Given data:
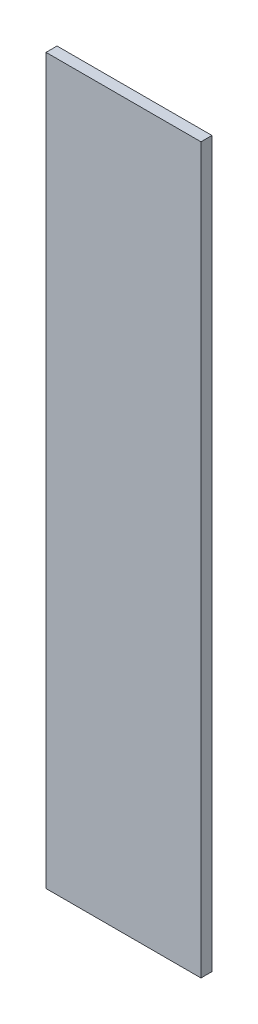
ISO-10303-21;
HEADER;
FILE_DESCRIPTION(('STEP AP214'),'2;1');
FILE_NAME('part.step','',(''),(''),'','','');
FILE_SCHEMA(('AUTOMOTIVE_DESIGN { 1 0 10303 214 1 1 1 1 }'));
ENDSEC;
DATA;
#1=APPLICATION_CONTEXT('core data for automotive mechanical design processes');
#2=APPLICATION_PROTOCOL_DEFINITION('international standard','automotive_design',2000,#1);
#3=PRODUCT_CONTEXT('',#1,'mechanical');
#4=PRODUCT('Part','Part','',(#3));
#5=PRODUCT_RELATED_PRODUCT_CATEGORY('part','',(#4));
#6=PRODUCT_DEFINITION_FORMATION('','',#4);
#7=PRODUCT_DEFINITION_CONTEXT('part definition',#1,'design');
#8=PRODUCT_DEFINITION('design','',#6,#7);
#9=PRODUCT_DEFINITION_SHAPE('','',#8);
#10=(LENGTH_UNIT() NAMED_UNIT(*) SI_UNIT(.MILLI.,.METRE.));
#11=(NAMED_UNIT(*) PLANE_ANGLE_UNIT() SI_UNIT($,.RADIAN.));
#12=(NAMED_UNIT(*) SI_UNIT($,.STERADIAN.) SOLID_ANGLE_UNIT());
#13=UNCERTAINTY_MEASURE_WITH_UNIT(LENGTH_MEASURE(1.E-05),#10,'distance_accuracy_value','');
#14=(GEOMETRIC_REPRESENTATION_CONTEXT(3) GLOBAL_UNCERTAINTY_ASSIGNED_CONTEXT((#13)) GLOBAL_UNIT_ASSIGNED_CONTEXT((#10,
#11,#12)) REPRESENTATION_CONTEXT('',''));
#15=CARTESIAN_POINT('',(0.,0.,0.));
#16=DIRECTION('',(0.,0.,1.));
#17=DIRECTION('',(1.,0.,0.));
#18=AXIS2_PLACEMENT_3D('',#15,#16,#17);
#19=CARTESIAN_POINT('',(3.4258972848564,-0.920280972424119,0.));
#20=DIRECTION('',(1.,0.,0.));
#21=DIRECTION('',(0.,1.,0.));
#22=AXIS2_PLACEMENT_3D('',#19,#20,#21);
#23=PLANE('',#22);
#24=DIRECTION('',(0.,1.,0.));
#25=VECTOR('',#24,1.);
#26=CARTESIAN_POINT('',(3.4258972848564,-0.920280972424119,0.));
#27=LINE('',#26,#25);
#28=CARTESIAN_POINT('',(3.4258972848564,-0.920280972424119,0.));
#29=VERTEX_POINT('',#28);
#30=CARTESIAN_POINT('',(3.4258972848564,-0.722871127763473,0.));
#31=VERTEX_POINT('',#30);
#32=EDGE_CURVE('E11',#29,#31,#27,.T.);
#33=ORIENTED_EDGE('',*,*,#32,.T.);
#34=DIRECTION('',(0.,0.,1.));
#35=VECTOR('',#34,1.);
#36=CARTESIAN_POINT('',(3.4258972848564,-0.722871127763473,0.));
#37=LINE('',#36,#35);
#38=CARTESIAN_POINT('',(3.4258972848564,-0.722871127763473,0.003));
#39=VERTEX_POINT('',#38);
#40=EDGE_CURVE('E24',#31,#39,#37,.T.);
#41=ORIENTED_EDGE('',*,*,#40,.T.);
#42=DIRECTION('',(0.,1.,0.));
#43=VECTOR('',#42,1.);
#44=CARTESIAN_POINT('',(3.4258972848564,-0.920280972424119,0.003));
#45=LINE('',#44,#43);
#46=CARTESIAN_POINT('',(3.4258972848564,-0.920280972424119,0.003));
#47=VERTEX_POINT('',#46);
#48=EDGE_CURVE('E75',#47,#39,#45,.T.);
#49=ORIENTED_EDGE('',*,*,#48,.F.);
#50=DIRECTION('',(0.,0.,1.));
#51=VECTOR('',#50,1.);
#52=CARTESIAN_POINT('',(3.4258972848564,-0.920280972424119,0.));
#53=LINE('',#52,#51);
#54=EDGE_CURVE('E86',#29,#47,#53,.T.);
#55=ORIENTED_EDGE('',*,*,#54,.F.);
#56=EDGE_LOOP('',(#33,#41,#49,#55));
#57=FACE_BOUND('',#56,.T.);
#58=ADVANCED_FACE('F17',(#57),#23,.T.);
#59=CARTESIAN_POINT('',(3.3836678446747,-0.920280972424119,0.));
#60=DIRECTION('',(0.,-1.,0.));
#61=DIRECTION('',(1.,0.,0.));
#62=AXIS2_PLACEMENT_3D('',#59,#60,#61);
#63=PLANE('',#62);
#64=DIRECTION('',(1.,0.,0.));
#65=VECTOR('',#64,1.);
#66=CARTESIAN_POINT('',(3.3836678446747,-0.920280972424119,0.));
#67=LINE('',#66,#65);
#68=CARTESIAN_POINT('',(3.3836678446747,-0.920280972424119,0.));
#69=VERTEX_POINT('',#68);
#70=EDGE_CURVE('E83',#69,#29,#67,.T.);
#71=ORIENTED_EDGE('',*,*,#70,.T.);
#72=ORIENTED_EDGE('',*,*,#54,.T.);
#73=DIRECTION('',(1.,0.,0.));
#74=VECTOR('',#73,1.);
#75=CARTESIAN_POINT('',(3.3836678446747,-0.920280972424119,0.003));
#76=LINE('',#75,#74);
#77=CARTESIAN_POINT('',(3.3836678446747,-0.920280972424119,0.003));
#78=VERTEX_POINT('',#77);
#79=EDGE_CURVE('E81',#78,#47,#76,.T.);
#80=ORIENTED_EDGE('',*,*,#79,.F.);
#81=DIRECTION('',(0.,0.,1.));
#82=VECTOR('',#81,1.);
#83=CARTESIAN_POINT('',(3.3836678446747,-0.920280972424119,0.));
#84=LINE('',#83,#82);
#85=EDGE_CURVE('E61',#69,#78,#84,.T.);
#86=ORIENTED_EDGE('',*,*,#85,.F.);
#87=EDGE_LOOP('',(#71,#72,#80,#86));
#88=FACE_BOUND('',#87,.T.);
#89=ADVANCED_FACE('F91',(#88),#63,.T.);
#90=CARTESIAN_POINT('',(3.3836678446747,-0.722871127763473,0.));
#91=DIRECTION('',(-1.,0.,0.));
#92=DIRECTION('',(0.,-1.,0.));
#93=AXIS2_PLACEMENT_3D('',#90,#91,#92);
#94=PLANE('',#93);
#95=DIRECTION('',(0.,-1.,0.));
#96=VECTOR('',#95,1.);
#97=CARTESIAN_POINT('',(3.3836678446747,-0.722871127763473,0.));
#98=LINE('',#97,#96);
#99=CARTESIAN_POINT('',(3.3836678446747,-0.722871127763473,0.));
#100=VERTEX_POINT('',#99);
#101=EDGE_CURVE('E65',#100,#69,#98,.T.);
#102=ORIENTED_EDGE('',*,*,#101,.T.);
#103=ORIENTED_EDGE('',*,*,#85,.T.);
#104=DIRECTION('',(0.,-1.,0.));
#105=VECTOR('',#104,1.);
#106=CARTESIAN_POINT('',(3.3836678446747,-0.722871127763473,0.003));
#107=LINE('',#106,#105);
#108=CARTESIAN_POINT('',(3.3836678446747,-0.722871127763473,0.003));
#109=VERTEX_POINT('',#108);
#110=EDGE_CURVE('E54',#109,#78,#107,.T.);
#111=ORIENTED_EDGE('',*,*,#110,.F.);
#112=DIRECTION('',(0.,0.,1.));
#113=VECTOR('',#112,1.);
#114=CARTESIAN_POINT('',(3.3836678446747,-0.722871127763473,0.));
#115=LINE('',#114,#113);
#116=EDGE_CURVE('E58',#100,#109,#115,.T.);
#117=ORIENTED_EDGE('',*,*,#116,.F.);
#118=EDGE_LOOP('',(#102,#103,#111,#117));
#119=FACE_BOUND('',#118,.T.);
#120=ADVANCED_FACE('F57',(#119),#94,.T.);
#121=CARTESIAN_POINT('',(3.4258972848564,-0.722871127763473,0.));
#122=DIRECTION('',(0.,1.,0.));
#123=DIRECTION('',(-1.,0.,0.));
#124=AXIS2_PLACEMENT_3D('',#121,#122,#123);
#125=PLANE('',#124);
#126=DIRECTION('',(-1.,0.,0.));
#127=VECTOR('',#126,1.);
#128=CARTESIAN_POINT('',(3.4258972848564,-0.722871127763473,0.));
#129=LINE('',#128,#127);
#130=EDGE_CURVE('E71',#31,#100,#129,.T.);
#131=ORIENTED_EDGE('',*,*,#130,.T.);
#132=ORIENTED_EDGE('',*,*,#116,.T.);
#133=DIRECTION('',(-1.,0.,0.));
#134=VECTOR('',#133,1.);
#135=CARTESIAN_POINT('',(3.4258972848564,-0.722871127763473,0.003));
#136=LINE('',#135,#134);
#137=EDGE_CURVE('E70',#39,#109,#136,.T.);
#138=ORIENTED_EDGE('',*,*,#137,.F.);
#139=ORIENTED_EDGE('',*,*,#40,.F.);
#140=EDGE_LOOP('',(#131,#132,#138,#139));
#141=FACE_BOUND('',#140,.T.);
#142=ADVANCED_FACE('F69',(#141),#125,.T.);
#143=CARTESIAN_POINT('',(3.4047825647655,-0.821576050093796,0.003));
#144=DIRECTION('',(0.,0.,1.));
#145=DIRECTION('',(1.,0.,0.));
#146=AXIS2_PLACEMENT_3D('',#143,#144,#145);
#147=PLANE('',#146);
#148=ORIENTED_EDGE('',*,*,#137,.T.);
#149=ORIENTED_EDGE('',*,*,#110,.T.);
#150=ORIENTED_EDGE('',*,*,#79,.T.);
#151=ORIENTED_EDGE('',*,*,#48,.T.);
#152=EDGE_LOOP('',(#148,#149,#150,#151));
#153=FACE_BOUND('',#152,.T.);
#154=ADVANCED_FACE('F74',(#153),#147,.T.);
#155=CARTESIAN_POINT('',(3.4047825647655,-0.821576050093796,0.));
#156=DIRECTION('',(0.,0.,1.));
#157=DIRECTION('',(1.,0.,0.));
#158=AXIS2_PLACEMENT_3D('',#155,#156,#157);
#159=PLANE('',#158);
#160=ORIENTED_EDGE('',*,*,#130,.F.);
#161=ORIENTED_EDGE('',*,*,#32,.F.);
#162=ORIENTED_EDGE('',*,*,#70,.F.);
#163=ORIENTED_EDGE('',*,*,#101,.F.);
#164=EDGE_LOOP('',(#160,#161,#162,#163));
#165=FACE_BOUND('',#164,.T.);
#166=ADVANCED_FACE('F89',(#165),#159,.F.);
#167=CLOSED_SHELL('',(#58,#89,#120,#142,#154,#166));
#168=MANIFOLD_SOLID_BREP('B1',#167);
#169=ADVANCED_BREP_SHAPE_REPRESENTATION('',(#18,#168),#14);
#170=SHAPE_DEFINITION_REPRESENTATION(#9,#169);
ENDSEC;
END-ISO-10303-21;

Task to complete:
Set down exactly what runs from the line containing "#156=DIRECTION('',(0.,0.,1.));" through the last line above, both lines included.

Answer to this task:
#156=DIRECTION('',(0.,0.,1.));
#157=DIRECTION('',(1.,0.,0.));
#158=AXIS2_PLACEMENT_3D('',#155,#156,#157);
#159=PLANE('',#158);
#160=ORIENTED_EDGE('',*,*,#130,.F.);
#161=ORIENTED_EDGE('',*,*,#32,.F.);
#162=ORIENTED_EDGE('',*,*,#70,.F.);
#163=ORIENTED_EDGE('',*,*,#101,.F.);
#164=EDGE_LOOP('',(#160,#161,#162,#163));
#165=FACE_BOUND('',#164,.T.);
#166=ADVANCED_FACE('F89',(#165),#159,.F.);
#167=CLOSED_SHELL('',(#58,#89,#120,#142,#154,#166));
#168=MANIFOLD_SOLID_BREP('B1',#167);
#169=ADVANCED_BREP_SHAPE_REPRESENTATION('',(#18,#168),#14);
#170=SHAPE_DEFINITION_REPRESENTATION(#9,#169);
ENDSEC;
END-ISO-10303-21;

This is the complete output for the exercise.